Wenn ich der Meinung bin, dass das Spiel rund ist und mir nichts einfällt, dass es zu verbessern gäbe. Wichtig ist, dass ICH entscheide, wann ein Spiel fertig ist. Natürlich ist die Meinung von Testspielern gold wert, aber in der Regel bin ich der einzige, der alle Partien analysiert hat. Und wie bei fertigen Spielen auch, gefällt nicht jedem alles. Da abzuwägen was Meinung ist und was ein Problem ist nicht leicht. Aber ich habe das letzte Wort.

Aber fertig muss es schon sein. Je länger ich spiele mache desto mehr lerne ich auf mein Bauchgefühl zu hören, dass mir schon meldet (meistens) wenn etwas nicht stimmt. Ist der Bauch zufrieden und das Hirn und ist das Spiel etwas, mit dem ich gerne identifiziert werden möchte und etwas das mir Spaß macht zu spielen, dann suche ich mir einen Verlag… Da bin ich mittlerweile auch etwas ruhiger geworden und suche mir langsam aus, wer in Frage käme. Als erstes frage ich dabei die Leute, zu denen ich direkten Kontakt habe und mit denen ich schon zusammengearbeitet habe.
Was ist aus deinem RAF-Spielidee geworden?

Bislang existiert nur die Idee, mal ein RAF-Spiel zu machen und ein paar lose Ideen, wie man das vielleicht umsetzen könnte. Es ist ein sehr schwieriges Thema, schwerer noch als bei Wir sind das Volk. Soll man wirklich Terroristen spielen? Das ist nicht ganz unbedenklich. Ich habe mir mehrere Gedanken gemacht, wie man das umgehen könnte, aber ganz konkret habe ich noch nichts. So arbeite ich allerdings meistens: Spielidee aufschreiben und ein paar Gedanken dazu machen. Wenn mir nichts überzeugendes mehr einfällt, was anderes machen. Und dann immer mal wieder drüber nachdenken, bis der Knoten platzt… An konkreteren Ideen arbeite ich dann aber auch konkreter.

Im Moment sind aber auch andere Projekte weiter vorne, die ich erst einmal bearbeiten möchte. Die RAF steht also gewissermaßen noch Schlange. Wie lange kann ich nicht vorhersagen, aber wenn nicht plötzlich eine geniale Überidee kommt, die leicht umsetzbar ist, dann wird es wohl noch ein paar Jahre dauern, bis das Spiel Formen annimmt – siehe erste Frage…

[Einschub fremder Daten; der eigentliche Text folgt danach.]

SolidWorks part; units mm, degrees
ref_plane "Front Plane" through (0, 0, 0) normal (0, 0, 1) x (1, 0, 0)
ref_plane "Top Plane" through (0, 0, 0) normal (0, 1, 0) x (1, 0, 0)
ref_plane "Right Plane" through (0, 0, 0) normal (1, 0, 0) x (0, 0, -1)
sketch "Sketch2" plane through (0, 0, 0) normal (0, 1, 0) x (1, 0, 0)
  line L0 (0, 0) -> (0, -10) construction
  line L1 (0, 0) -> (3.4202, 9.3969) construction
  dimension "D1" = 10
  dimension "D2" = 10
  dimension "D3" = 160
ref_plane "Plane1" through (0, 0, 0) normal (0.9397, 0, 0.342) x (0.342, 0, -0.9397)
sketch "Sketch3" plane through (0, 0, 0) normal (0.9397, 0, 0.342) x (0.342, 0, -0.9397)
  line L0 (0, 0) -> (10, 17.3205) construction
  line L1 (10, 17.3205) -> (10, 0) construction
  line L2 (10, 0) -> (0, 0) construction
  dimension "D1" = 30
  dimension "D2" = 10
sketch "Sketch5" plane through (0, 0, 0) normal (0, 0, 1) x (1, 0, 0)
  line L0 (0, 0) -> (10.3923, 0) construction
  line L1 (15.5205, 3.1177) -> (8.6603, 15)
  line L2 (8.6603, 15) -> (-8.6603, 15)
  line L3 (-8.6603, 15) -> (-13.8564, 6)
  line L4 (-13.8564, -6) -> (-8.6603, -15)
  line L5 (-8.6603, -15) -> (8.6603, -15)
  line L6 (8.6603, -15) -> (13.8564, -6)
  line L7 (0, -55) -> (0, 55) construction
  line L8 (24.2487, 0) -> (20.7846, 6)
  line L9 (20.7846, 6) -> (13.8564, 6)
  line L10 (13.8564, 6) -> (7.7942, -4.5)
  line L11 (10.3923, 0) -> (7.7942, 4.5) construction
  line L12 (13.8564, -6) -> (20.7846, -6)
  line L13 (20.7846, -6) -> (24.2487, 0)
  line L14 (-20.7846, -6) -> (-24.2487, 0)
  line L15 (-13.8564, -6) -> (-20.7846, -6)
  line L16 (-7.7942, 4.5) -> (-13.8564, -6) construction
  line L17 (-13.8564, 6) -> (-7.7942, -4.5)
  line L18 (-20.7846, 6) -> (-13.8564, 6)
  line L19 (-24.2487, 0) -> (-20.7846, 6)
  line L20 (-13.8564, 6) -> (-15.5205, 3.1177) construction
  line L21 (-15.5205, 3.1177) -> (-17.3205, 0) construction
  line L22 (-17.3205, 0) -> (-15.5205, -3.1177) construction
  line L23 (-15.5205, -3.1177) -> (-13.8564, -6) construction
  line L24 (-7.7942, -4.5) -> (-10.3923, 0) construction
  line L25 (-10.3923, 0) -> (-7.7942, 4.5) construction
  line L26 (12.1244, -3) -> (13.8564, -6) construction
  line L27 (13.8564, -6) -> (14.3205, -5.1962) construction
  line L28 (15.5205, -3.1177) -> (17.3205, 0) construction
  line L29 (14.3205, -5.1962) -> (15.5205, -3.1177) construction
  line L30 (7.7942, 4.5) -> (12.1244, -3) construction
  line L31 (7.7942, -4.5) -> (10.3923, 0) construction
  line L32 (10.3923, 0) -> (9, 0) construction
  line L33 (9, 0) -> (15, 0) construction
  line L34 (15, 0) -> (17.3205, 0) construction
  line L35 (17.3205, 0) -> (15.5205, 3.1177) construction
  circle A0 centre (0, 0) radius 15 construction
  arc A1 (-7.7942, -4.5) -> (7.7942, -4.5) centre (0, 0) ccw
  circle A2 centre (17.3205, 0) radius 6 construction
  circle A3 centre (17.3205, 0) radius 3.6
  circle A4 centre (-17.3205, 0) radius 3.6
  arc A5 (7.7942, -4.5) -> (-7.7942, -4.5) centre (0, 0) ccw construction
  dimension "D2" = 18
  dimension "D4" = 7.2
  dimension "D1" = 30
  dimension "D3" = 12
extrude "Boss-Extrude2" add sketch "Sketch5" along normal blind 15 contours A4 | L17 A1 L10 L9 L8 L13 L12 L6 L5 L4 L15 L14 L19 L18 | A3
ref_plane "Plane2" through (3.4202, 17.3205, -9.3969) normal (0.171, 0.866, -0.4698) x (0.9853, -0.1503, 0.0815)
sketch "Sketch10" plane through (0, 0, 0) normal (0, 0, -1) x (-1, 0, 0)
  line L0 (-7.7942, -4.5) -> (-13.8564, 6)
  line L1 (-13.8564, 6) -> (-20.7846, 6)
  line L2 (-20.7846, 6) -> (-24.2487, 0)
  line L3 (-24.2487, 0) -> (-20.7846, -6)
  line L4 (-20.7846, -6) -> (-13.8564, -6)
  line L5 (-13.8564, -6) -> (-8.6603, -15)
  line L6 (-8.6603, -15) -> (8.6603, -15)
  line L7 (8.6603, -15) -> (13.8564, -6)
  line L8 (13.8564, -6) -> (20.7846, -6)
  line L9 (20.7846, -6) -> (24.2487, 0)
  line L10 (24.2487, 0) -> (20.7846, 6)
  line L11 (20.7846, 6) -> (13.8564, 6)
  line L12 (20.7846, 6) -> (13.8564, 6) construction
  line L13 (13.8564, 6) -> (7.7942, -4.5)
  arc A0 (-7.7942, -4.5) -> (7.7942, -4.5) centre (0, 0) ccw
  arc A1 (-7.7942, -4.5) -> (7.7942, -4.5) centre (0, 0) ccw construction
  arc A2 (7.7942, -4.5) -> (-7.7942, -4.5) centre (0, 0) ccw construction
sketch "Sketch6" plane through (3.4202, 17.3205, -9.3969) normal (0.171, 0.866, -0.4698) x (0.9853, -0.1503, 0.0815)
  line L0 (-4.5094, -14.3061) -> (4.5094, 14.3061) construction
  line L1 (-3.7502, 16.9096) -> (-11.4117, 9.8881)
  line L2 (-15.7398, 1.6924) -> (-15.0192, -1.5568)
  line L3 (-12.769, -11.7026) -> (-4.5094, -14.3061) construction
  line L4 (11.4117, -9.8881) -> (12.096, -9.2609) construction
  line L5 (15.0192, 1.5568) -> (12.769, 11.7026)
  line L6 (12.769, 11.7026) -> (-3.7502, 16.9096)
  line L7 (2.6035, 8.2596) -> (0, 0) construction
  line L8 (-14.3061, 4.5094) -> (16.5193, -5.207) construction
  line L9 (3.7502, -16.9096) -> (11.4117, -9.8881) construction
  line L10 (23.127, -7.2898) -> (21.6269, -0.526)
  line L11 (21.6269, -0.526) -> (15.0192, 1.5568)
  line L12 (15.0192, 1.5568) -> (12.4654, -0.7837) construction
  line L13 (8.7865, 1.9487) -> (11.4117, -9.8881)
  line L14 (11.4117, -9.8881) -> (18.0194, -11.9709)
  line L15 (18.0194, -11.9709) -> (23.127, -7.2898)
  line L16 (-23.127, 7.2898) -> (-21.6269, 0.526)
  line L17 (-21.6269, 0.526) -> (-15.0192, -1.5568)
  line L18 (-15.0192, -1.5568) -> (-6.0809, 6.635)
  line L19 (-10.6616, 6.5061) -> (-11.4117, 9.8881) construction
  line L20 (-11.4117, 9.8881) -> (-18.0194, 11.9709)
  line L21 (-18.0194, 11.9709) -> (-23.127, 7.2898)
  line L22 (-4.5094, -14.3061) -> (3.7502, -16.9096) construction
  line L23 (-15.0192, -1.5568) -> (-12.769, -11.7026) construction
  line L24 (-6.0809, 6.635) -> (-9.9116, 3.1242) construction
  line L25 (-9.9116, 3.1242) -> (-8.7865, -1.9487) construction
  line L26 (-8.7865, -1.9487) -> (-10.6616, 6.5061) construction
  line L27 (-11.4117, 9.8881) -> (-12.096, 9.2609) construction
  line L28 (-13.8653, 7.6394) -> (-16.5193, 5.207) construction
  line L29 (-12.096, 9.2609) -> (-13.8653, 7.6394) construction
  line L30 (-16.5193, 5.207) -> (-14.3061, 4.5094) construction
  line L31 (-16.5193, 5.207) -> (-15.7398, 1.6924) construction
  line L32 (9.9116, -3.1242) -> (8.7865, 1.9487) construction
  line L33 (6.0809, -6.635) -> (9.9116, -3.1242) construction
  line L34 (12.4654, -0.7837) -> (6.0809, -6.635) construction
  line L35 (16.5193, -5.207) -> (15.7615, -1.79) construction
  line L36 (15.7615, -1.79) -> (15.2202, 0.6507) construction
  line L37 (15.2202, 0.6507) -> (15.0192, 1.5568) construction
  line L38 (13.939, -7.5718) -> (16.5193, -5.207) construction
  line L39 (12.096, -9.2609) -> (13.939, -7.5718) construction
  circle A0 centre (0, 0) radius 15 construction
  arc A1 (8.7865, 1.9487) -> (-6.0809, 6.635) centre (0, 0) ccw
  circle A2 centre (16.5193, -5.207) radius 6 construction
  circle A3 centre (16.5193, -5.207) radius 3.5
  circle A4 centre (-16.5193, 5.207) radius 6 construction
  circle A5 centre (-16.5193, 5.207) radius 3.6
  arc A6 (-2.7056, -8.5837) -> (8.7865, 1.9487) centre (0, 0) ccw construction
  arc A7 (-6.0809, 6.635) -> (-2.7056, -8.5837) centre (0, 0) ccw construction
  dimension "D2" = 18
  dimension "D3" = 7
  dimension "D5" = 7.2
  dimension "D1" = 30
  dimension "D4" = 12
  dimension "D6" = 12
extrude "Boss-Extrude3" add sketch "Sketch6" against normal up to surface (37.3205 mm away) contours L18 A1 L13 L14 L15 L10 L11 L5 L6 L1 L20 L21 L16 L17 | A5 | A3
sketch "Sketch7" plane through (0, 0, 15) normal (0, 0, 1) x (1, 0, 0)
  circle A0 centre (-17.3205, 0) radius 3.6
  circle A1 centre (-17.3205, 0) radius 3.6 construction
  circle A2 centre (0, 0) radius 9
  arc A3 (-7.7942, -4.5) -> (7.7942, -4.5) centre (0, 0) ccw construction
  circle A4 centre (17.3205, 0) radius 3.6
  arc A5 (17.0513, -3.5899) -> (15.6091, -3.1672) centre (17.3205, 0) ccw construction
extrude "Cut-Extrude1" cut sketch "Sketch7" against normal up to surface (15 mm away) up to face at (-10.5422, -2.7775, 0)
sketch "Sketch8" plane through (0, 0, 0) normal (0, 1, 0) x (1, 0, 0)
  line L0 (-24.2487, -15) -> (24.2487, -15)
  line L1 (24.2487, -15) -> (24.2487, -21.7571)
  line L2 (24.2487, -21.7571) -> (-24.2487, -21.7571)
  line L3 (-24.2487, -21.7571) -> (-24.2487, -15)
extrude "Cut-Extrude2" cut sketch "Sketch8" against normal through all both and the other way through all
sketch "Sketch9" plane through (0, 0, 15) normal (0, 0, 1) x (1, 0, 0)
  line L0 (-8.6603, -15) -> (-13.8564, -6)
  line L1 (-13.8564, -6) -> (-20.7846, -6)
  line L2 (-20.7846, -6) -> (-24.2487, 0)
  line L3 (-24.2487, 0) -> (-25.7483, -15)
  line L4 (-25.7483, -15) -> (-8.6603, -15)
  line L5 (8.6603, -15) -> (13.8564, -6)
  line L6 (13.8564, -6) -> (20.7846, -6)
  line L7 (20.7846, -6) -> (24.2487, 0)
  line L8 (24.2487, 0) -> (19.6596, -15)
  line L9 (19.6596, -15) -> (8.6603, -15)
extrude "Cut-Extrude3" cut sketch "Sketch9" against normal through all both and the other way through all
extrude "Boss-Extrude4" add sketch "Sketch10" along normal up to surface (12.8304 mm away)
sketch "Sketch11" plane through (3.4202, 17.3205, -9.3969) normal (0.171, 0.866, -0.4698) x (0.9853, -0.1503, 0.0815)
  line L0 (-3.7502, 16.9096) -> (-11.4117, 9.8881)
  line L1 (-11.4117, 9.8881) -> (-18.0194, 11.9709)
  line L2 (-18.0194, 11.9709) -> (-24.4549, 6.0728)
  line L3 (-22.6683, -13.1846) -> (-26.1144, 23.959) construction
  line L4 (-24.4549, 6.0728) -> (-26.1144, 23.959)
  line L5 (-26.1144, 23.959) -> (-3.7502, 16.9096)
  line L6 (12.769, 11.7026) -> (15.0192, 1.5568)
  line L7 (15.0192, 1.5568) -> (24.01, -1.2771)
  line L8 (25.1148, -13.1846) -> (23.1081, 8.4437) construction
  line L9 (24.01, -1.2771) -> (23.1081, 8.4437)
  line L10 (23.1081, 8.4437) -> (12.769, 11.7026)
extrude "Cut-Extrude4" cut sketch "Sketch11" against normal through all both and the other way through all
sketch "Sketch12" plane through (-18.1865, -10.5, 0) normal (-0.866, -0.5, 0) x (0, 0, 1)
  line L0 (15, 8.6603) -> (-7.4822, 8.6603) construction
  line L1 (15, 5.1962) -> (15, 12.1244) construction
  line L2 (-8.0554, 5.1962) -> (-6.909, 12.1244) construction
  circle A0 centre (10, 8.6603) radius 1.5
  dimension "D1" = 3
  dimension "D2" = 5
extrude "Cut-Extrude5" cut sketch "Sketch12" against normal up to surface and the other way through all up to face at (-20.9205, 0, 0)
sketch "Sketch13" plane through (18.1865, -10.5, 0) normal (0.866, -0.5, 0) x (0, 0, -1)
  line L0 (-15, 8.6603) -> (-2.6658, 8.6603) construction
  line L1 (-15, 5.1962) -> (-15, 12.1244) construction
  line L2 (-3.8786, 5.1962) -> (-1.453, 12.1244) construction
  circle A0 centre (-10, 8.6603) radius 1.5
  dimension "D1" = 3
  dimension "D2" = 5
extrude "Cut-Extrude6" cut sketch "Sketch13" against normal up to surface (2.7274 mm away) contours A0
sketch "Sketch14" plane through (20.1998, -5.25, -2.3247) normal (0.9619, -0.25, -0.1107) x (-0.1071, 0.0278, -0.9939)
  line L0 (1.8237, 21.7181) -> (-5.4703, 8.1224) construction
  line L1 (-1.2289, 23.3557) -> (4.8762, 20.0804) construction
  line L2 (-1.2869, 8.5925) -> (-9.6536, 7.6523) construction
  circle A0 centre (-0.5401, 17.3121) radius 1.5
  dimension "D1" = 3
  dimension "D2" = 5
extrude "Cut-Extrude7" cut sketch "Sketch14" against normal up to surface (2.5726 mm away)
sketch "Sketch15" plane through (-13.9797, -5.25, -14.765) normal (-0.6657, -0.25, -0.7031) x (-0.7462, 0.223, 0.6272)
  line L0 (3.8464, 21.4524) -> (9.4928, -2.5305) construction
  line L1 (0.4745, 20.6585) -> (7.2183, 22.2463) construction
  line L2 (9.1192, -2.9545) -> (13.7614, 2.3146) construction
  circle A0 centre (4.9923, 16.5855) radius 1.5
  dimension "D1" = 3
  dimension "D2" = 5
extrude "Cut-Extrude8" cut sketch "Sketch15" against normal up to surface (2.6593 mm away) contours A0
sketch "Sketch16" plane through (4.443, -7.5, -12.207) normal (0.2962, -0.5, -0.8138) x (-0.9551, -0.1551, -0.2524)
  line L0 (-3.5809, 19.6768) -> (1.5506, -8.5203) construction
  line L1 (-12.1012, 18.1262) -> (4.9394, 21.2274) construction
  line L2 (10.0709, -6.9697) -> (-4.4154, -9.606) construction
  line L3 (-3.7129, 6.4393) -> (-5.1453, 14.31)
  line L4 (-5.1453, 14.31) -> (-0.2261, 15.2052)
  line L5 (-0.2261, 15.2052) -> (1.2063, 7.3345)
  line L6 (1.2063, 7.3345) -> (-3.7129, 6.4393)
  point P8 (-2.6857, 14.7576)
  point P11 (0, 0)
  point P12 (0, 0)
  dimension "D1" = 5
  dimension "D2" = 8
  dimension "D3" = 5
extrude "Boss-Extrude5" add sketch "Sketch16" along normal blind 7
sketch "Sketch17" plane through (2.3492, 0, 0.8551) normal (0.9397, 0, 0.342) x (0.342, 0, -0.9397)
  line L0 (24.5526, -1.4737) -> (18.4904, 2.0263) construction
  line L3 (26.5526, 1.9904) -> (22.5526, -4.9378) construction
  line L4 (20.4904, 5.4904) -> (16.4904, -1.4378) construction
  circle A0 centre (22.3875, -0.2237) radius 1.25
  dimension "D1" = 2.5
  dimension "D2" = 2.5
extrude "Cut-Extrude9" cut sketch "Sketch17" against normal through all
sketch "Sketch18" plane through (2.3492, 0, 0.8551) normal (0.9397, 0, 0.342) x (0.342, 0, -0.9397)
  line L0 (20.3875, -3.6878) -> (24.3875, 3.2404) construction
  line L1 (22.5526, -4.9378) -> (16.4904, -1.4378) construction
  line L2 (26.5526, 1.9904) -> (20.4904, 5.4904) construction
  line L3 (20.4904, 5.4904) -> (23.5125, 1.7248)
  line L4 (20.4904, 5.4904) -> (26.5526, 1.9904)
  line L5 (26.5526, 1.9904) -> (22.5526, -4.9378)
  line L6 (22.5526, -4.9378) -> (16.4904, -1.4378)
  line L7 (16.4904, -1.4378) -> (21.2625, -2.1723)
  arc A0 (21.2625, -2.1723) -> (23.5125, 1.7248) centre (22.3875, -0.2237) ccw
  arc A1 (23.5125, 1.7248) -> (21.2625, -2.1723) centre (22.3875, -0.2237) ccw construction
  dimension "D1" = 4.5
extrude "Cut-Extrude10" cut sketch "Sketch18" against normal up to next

(Abgesehen davon: Ich kann nur eine sehr begrenzte Anzahl an Projekten gleichzeitig bearbeiten. Da mache ich das meistens so, dass ich verschiedene Typen von Spielen gleichzeitig in der Pipeline habe. Das RAF-Spiel wäre dabei derselbe Typ wie Wir sind das Volk, also sehr anspruchsvoll, sehr komplex, sehr historisch. Und innerhalb dieses Typuses arbeite ich an etwas anderem und habe eigentlich auch schon etwas für den Fall, dass ich an dem aktuellen Spiel nicht weiterkomme/fertig wäre).

ciao

peer

P.S. Weitere Fragen habe ich auf Reich der Spiele beantwortet – primär, aber nicht beschränkt auf North American Railways.